福州,回声网络数据中心,2025年9月28日,23:47。

程俊杰盯着屏幕上那条刚刚解密的信息,手指在键盘上悬停了整整十秒。机房里的灯光惨白,只有服务器阵列发出的蓝色冷光和嗡嗡低鸣。他身后,陶成文、张帅帅、鲍玉佳、马文平四人围站着,所有人都屏住了呼吸。

“茉莉花在黑暗里开了。我是陈浩。我还活着。目标27也在。需要救援。坐标随后发。勿回,此信道单向。——C.H.”

“茉莉花在黑暗里开了,”鲍玉佳轻声重复,“这是危暐五年前埋下的暗号。

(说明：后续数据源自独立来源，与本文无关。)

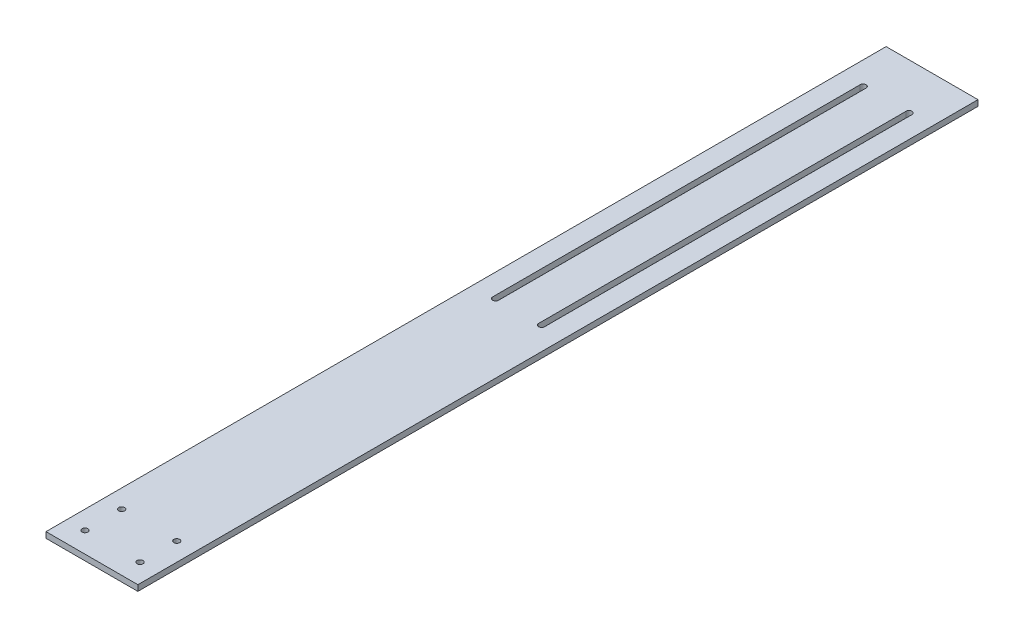
ISO-10303-21;
HEADER;
FILE_DESCRIPTION(('STEP AP214'),'2;1');
FILE_NAME('part.step','',(''),(''),'','','');
FILE_SCHEMA(('AUTOMOTIVE_DESIGN { 1 0 10303 214 1 1 1 1 }'));
ENDSEC;
DATA;
#1=APPLICATION_CONTEXT('core data for automotive mechanical design processes');
#2=APPLICATION_PROTOCOL_DEFINITION('international standard','automotive_design',2000,#1);
#3=PRODUCT_CONTEXT('',#1,'mechanical');
#4=PRODUCT('Part','Part','',(#3));
#5=PRODUCT_RELATED_PRODUCT_CATEGORY('part','',(#4));
#6=PRODUCT_DEFINITION_FORMATION('','',#4);
#7=PRODUCT_DEFINITION_CONTEXT('part definition',#1,'design');
#8=PRODUCT_DEFINITION('design','',#6,#7);
#9=PRODUCT_DEFINITION_SHAPE('','',#8);
#10=(LENGTH_UNIT() NAMED_UNIT(*) SI_UNIT(.MILLI.,.METRE.));
#11=(NAMED_UNIT(*) PLANE_ANGLE_UNIT() SI_UNIT($,.RADIAN.));
#12=(NAMED_UNIT(*) SI_UNIT($,.STERADIAN.) SOLID_ANGLE_UNIT());
#13=UNCERTAINTY_MEASURE_WITH_UNIT(LENGTH_MEASURE(1.E-05),#10,'distance_accuracy_value','');
#14=(GEOMETRIC_REPRESENTATION_CONTEXT(3) GLOBAL_UNCERTAINTY_ASSIGNED_CONTEXT((#13)) GLOBAL_UNIT_ASSIGNED_CONTEXT((#10,
#11,#12)) REPRESENTATION_CONTEXT('',''));
#15=CARTESIAN_POINT('',(0.,0.,0.));
#16=DIRECTION('',(0.,0.,1.));
#17=DIRECTION('',(1.,0.,0.));
#18=AXIS2_PLACEMENT_3D('',#15,#16,#17);
#19=CARTESIAN_POINT('',(-25.,3.175,-228.6));
#20=DIRECTION('',(0.,0.,-1.));
#21=DIRECTION('',(-1.,0.,0.));
#22=AXIS2_PLACEMENT_3D('',#19,#20,#21);
#23=PLANE('',#22);
#24=DIRECTION('',(1.,0.,0.));
#25=VECTOR('',#24,1.);
#26=CARTESIAN_POINT('',(-25.,0.,-228.6));
#27=LINE('',#26,#25);
#28=CARTESIAN_POINT('',(-25.,0.,-228.6));
#29=VERTEX_POINT('',#28);
#30=CARTESIAN_POINT('',(25.,0.,-228.6));
#31=VERTEX_POINT('',#30);
#32=EDGE_CURVE('E191',#29,#31,#27,.T.);
#33=ORIENTED_EDGE('',*,*,#32,.F.);
#34=DIRECTION('',(0.,-1.,0.));
#35=VECTOR('',#34,1.);
#36=CARTESIAN_POINT('',(-25.,3.175,-228.6));
#37=LINE('',#36,#35);
#38=CARTESIAN_POINT('',(-25.,3.175,-228.6));
#39=VERTEX_POINT('',#38);
#40=EDGE_CURVE('E11',#39,#29,#37,.T.);
#41=ORIENTED_EDGE('',*,*,#40,.F.);
#42=DIRECTION('',(1.,0.,0.));
#43=VECTOR('',#42,1.);
#44=CARTESIAN_POINT('',(-25.,3.175,-228.6));
#45=LINE('',#44,#43);
#46=CARTESIAN_POINT('',(25.,3.175,-228.6));
#47=VERTEX_POINT('',#46);
#48=EDGE_CURVE('E232',#39,#47,#45,.T.);
#49=ORIENTED_EDGE('',*,*,#48,.T.);
#50=DIRECTION('',(0.,-1.,0.));
#51=VECTOR('',#50,1.);
#52=CARTESIAN_POINT('',(25.,3.175,-228.6));
#53=LINE('',#52,#51);
#54=EDGE_CURVE('E44',#47,#31,#53,.T.);
#55=ORIENTED_EDGE('',*,*,#54,.T.);
#56=EDGE_LOOP('',(#33,#41,#49,#55));
#57=FACE_BOUND('',#56,.T.);
#58=ADVANCED_FACE('F41',(#57),#23,.T.);
#59=CARTESIAN_POINT('',(-25.,3.175,-228.6));
#60=DIRECTION('',(1.,0.,0.));
#61=DIRECTION('',(0.,0.,-1.));
#62=AXIS2_PLACEMENT_3D('',#59,#60,#61);
#63=PLANE('',#62);
#64=DIRECTION('',(0.,0.,1.));
#65=VECTOR('',#64,1.);
#66=CARTESIAN_POINT('',(-25.,0.,-228.6));
#67=LINE('',#66,#65);
#68=CARTESIAN_POINT('',(-25.,0.,228.6));
#69=VERTEX_POINT('',#68);
#70=EDGE_CURVE('E236',#29,#69,#67,.T.);
#71=ORIENTED_EDGE('',*,*,#70,.T.);
#72=DIRECTION('',(0.,-1.,0.));
#73=VECTOR('',#72,1.);
#74=CARTESIAN_POINT('',(-25.,3.175,228.6));
#75=LINE('',#74,#73);
#76=CARTESIAN_POINT('',(-25.,3.175,228.6));
#77=VERTEX_POINT('',#76);
#78=EDGE_CURVE('E49',#77,#69,#75,.T.);
#79=ORIENTED_EDGE('',*,*,#78,.F.);
#80=DIRECTION('',(0.,0.,1.));
#81=VECTOR('',#80,1.);
#82=CARTESIAN_POINT('',(-25.,3.175,-228.6));
#83=LINE('',#82,#81);
#84=EDGE_CURVE('E243',#39,#77,#83,.T.);
#85=ORIENTED_EDGE('',*,*,#84,.F.);
#86=ORIENTED_EDGE('',*,*,#40,.T.);
#87=EDGE_LOOP('',(#71,#79,#85,#86));
#88=FACE_BOUND('',#87,.T.);
#89=ADVANCED_FACE('F277',(#88),#63,.F.);
#90=CARTESIAN_POINT('',(-25.,3.175,228.6));
#91=DIRECTION('',(0.,0.,-1.));
#92=DIRECTION('',(-1.,0.,0.));
#93=AXIS2_PLACEMENT_3D('',#90,#91,#92);
#94=PLANE('',#93);
#95=DIRECTION('',(1.,0.,0.));
#96=VECTOR('',#95,1.);
#97=CARTESIAN_POINT('',(-25.,0.,228.6));
#98=LINE('',#97,#96);
#99=CARTESIAN_POINT('',(25.,0.,228.6));
#100=VERTEX_POINT('',#99);
#101=EDGE_CURVE('E252',#69,#100,#98,.T.);
#102=ORIENTED_EDGE('',*,*,#101,.T.);
#103=DIRECTION('',(0.,-1.,0.));
#104=VECTOR('',#103,1.);
#105=CARTESIAN_POINT('',(25.,3.175,228.6));
#106=LINE('',#105,#104);
#107=CARTESIAN_POINT('',(25.,3.175,228.6));
#108=VERTEX_POINT('',#107);
#109=EDGE_CURVE('E260',#108,#100,#106,.T.);
#110=ORIENTED_EDGE('',*,*,#109,.F.);
#111=DIRECTION('',(1.,0.,0.));
#112=VECTOR('',#111,1.);
#113=CARTESIAN_POINT('',(-25.,3.175,228.6));
#114=LINE('',#113,#112);
#115=EDGE_CURVE('E240',#77,#108,#114,.T.);
#116=ORIENTED_EDGE('',*,*,#115,.F.);
#117=ORIENTED_EDGE('',*,*,#78,.T.);
#118=EDGE_LOOP('',(#102,#110,#116,#117));
#119=FACE_BOUND('',#118,.T.);
#120=ADVANCED_FACE('F281',(#119),#94,.F.);
#121=CARTESIAN_POINT('',(25.,3.175,-228.6));
#122=DIRECTION('',(1.,0.,0.));
#123=DIRECTION('',(0.,0.,-1.));
#124=AXIS2_PLACEMENT_3D('',#121,#122,#123);
#125=PLANE('',#124);
#126=DIRECTION('',(0.,0.,1.));
#127=VECTOR('',#126,1.);
#128=CARTESIAN_POINT('',(25.,0.,-228.6));
#129=LINE('',#128,#127);
#130=EDGE_CURVE('E248',#31,#100,#129,.T.);
#131=ORIENTED_EDGE('',*,*,#130,.F.);
#132=ORIENTED_EDGE('',*,*,#54,.F.);
#133=DIRECTION('',(0.,0.,1.));
#134=VECTOR('',#133,1.);
#135=CARTESIAN_POINT('',(25.,3.175,-228.6));
#136=LINE('',#135,#134);
#137=EDGE_CURVE('E235',#47,#108,#136,.T.);
#138=ORIENTED_EDGE('',*,*,#137,.T.);
#139=ORIENTED_EDGE('',*,*,#109,.T.);
#140=EDGE_LOOP('',(#131,#132,#138,#139));
#141=FACE_BOUND('',#140,.T.);
#142=ADVANCED_FACE('F270',(#141),#125,.T.);
#143=CARTESIAN_POINT('',(0.,3.175,0.));
#144=DIRECTION('',(0.,-1.,0.));
#145=DIRECTION('',(0.,0.,-1.));
#146=AXIS2_PLACEMENT_3D('',#143,#144,#145);
#147=PLANE('',#146);
#148=CARTESIAN_POINT('',(-15.,3.175,217.425));
#149=DIRECTION('',(0.,-1.,0.));
#150=DIRECTION('',(0.,0.,-1.));
#151=AXIS2_PLACEMENT_3D('',#148,#149,#150);
#152=CIRCLE('',#151,1.6);
#153=CARTESIAN_POINT('',(-15.,3.175,215.825));
#154=VERTEX_POINT('',#153);
#155=EDGE_CURVE('E423',#154,#154,#152,.T.);
#156=ORIENTED_EDGE('',*,*,#155,.T.);
#157=EDGE_LOOP('',(#156));
#158=FACE_BOUND('',#157,.T.);
#159=CARTESIAN_POINT('',(15.,3.175,197.425));
#160=DIRECTION('',(0.,-1.,0.));
#161=DIRECTION('',(0.,0.,-1.));
#162=AXIS2_PLACEMENT_3D('',#159,#160,#161);
#163=CIRCLE('',#162,1.6);
#164=CARTESIAN_POINT('',(15.,3.175,195.825));
#165=VERTEX_POINT('',#164);
#166=EDGE_CURVE('E436',#165,#165,#163,.T.);
#167=ORIENTED_EDGE('',*,*,#166,.T.);
#168=EDGE_LOOP('',(#167));
#169=FACE_BOUND('',#168,.T.);
#170=CARTESIAN_POINT('',(15.,3.175,217.425));
#171=DIRECTION('',(0.,-1.,0.));
#172=DIRECTION('',(0.,0.,-1.));
#173=AXIS2_PLACEMENT_3D('',#170,#171,#172);
#174=CIRCLE('',#173,1.6);
#175=CARTESIAN_POINT('',(15.,3.175,215.825));
#176=VERTEX_POINT('',#175);
#177=EDGE_CURVE('E444',#176,#176,#174,.T.);
#178=ORIENTED_EDGE('',*,*,#177,.T.);
#179=EDGE_LOOP('',(#178));
#180=FACE_BOUND('',#179,.T.);
#181=CARTESIAN_POINT('',(-15.,3.175,197.425));
#182=DIRECTION('',(0.,-1.,0.));
#183=DIRECTION('',(0.,0.,-1.));
#184=AXIS2_PLACEMENT_3D('',#181,#182,#183);
#185=CIRCLE('',#184,1.6);
#186=CARTESIAN_POINT('',(-15.,3.175,195.825));
#187=VERTEX_POINT('',#186);
#188=EDGE_CURVE('E176',#187,#187,#185,.T.);
#189=ORIENTED_EDGE('',*,*,#188,.T.);
#190=EDGE_LOOP('',(#189));
#191=FACE_BOUND('',#190,.T.);
#192=DIRECTION('',(0.,0.,1.));
#193=VECTOR('',#192,1.);
#194=CARTESIAN_POINT('',(-10.8999999999999,3.175,-3.59999999999999));
#195=LINE('',#194,#193);
#196=CARTESIAN_POINT('',(-10.8999999999999,3.175,-203.6));
#197=VERTEX_POINT('',#196);
#198=CARTESIAN_POINT('',(-10.8999999999999,3.175,-3.59999999999999));
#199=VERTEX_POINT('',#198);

陈浩怎么知道?”

程俊杰调出历史记录:“只有两种可能:要么是危暐当年通过某种方式告诉了他,要么是陈浩看到了危暐留下的信息。后者的可能性更大——危暐在园区期间记录了大量数据,如果他曾接触过陈浩,可能会传递这个暗号作为未来的联络信号。”

张帅帅的职业本能让他保持警惕:“但这也可能是陷阱。诈骗集团知道我们在找陈浩,可能伪造这条信息引我们上钩。”

“技术验证呢?”陶成文问。

马文平已经开始分析:“信息从菲律宾马尼拉地区的一个匿名代理服务器发出,经过七次跳转,最后到达我们设立的公开接收端口。发送时间精确控制在菲律宾时间凌晨2点整——这是网络监控相对薄弱的时间段。加密方式使用的是椭圆曲线算法,密钥长度512位,破解需要……”

“说结论。”张帅帅打断。

“以目前的技术水平,诈骗集团伪造这条信息的可能性低于30%。”马文平给出判断,“但如果有国家级别的技术支持,可能性会上升到60%。”

鲍玉佳提出另一个角度:“假设这是真的,陈浩在什么状态下能发出这条信息?他被控制在诈骗园区,却能接触网络,能使用加密通信,还能精确控制发送时间——这说明他至少有一定程度的行动自由和技术权限。”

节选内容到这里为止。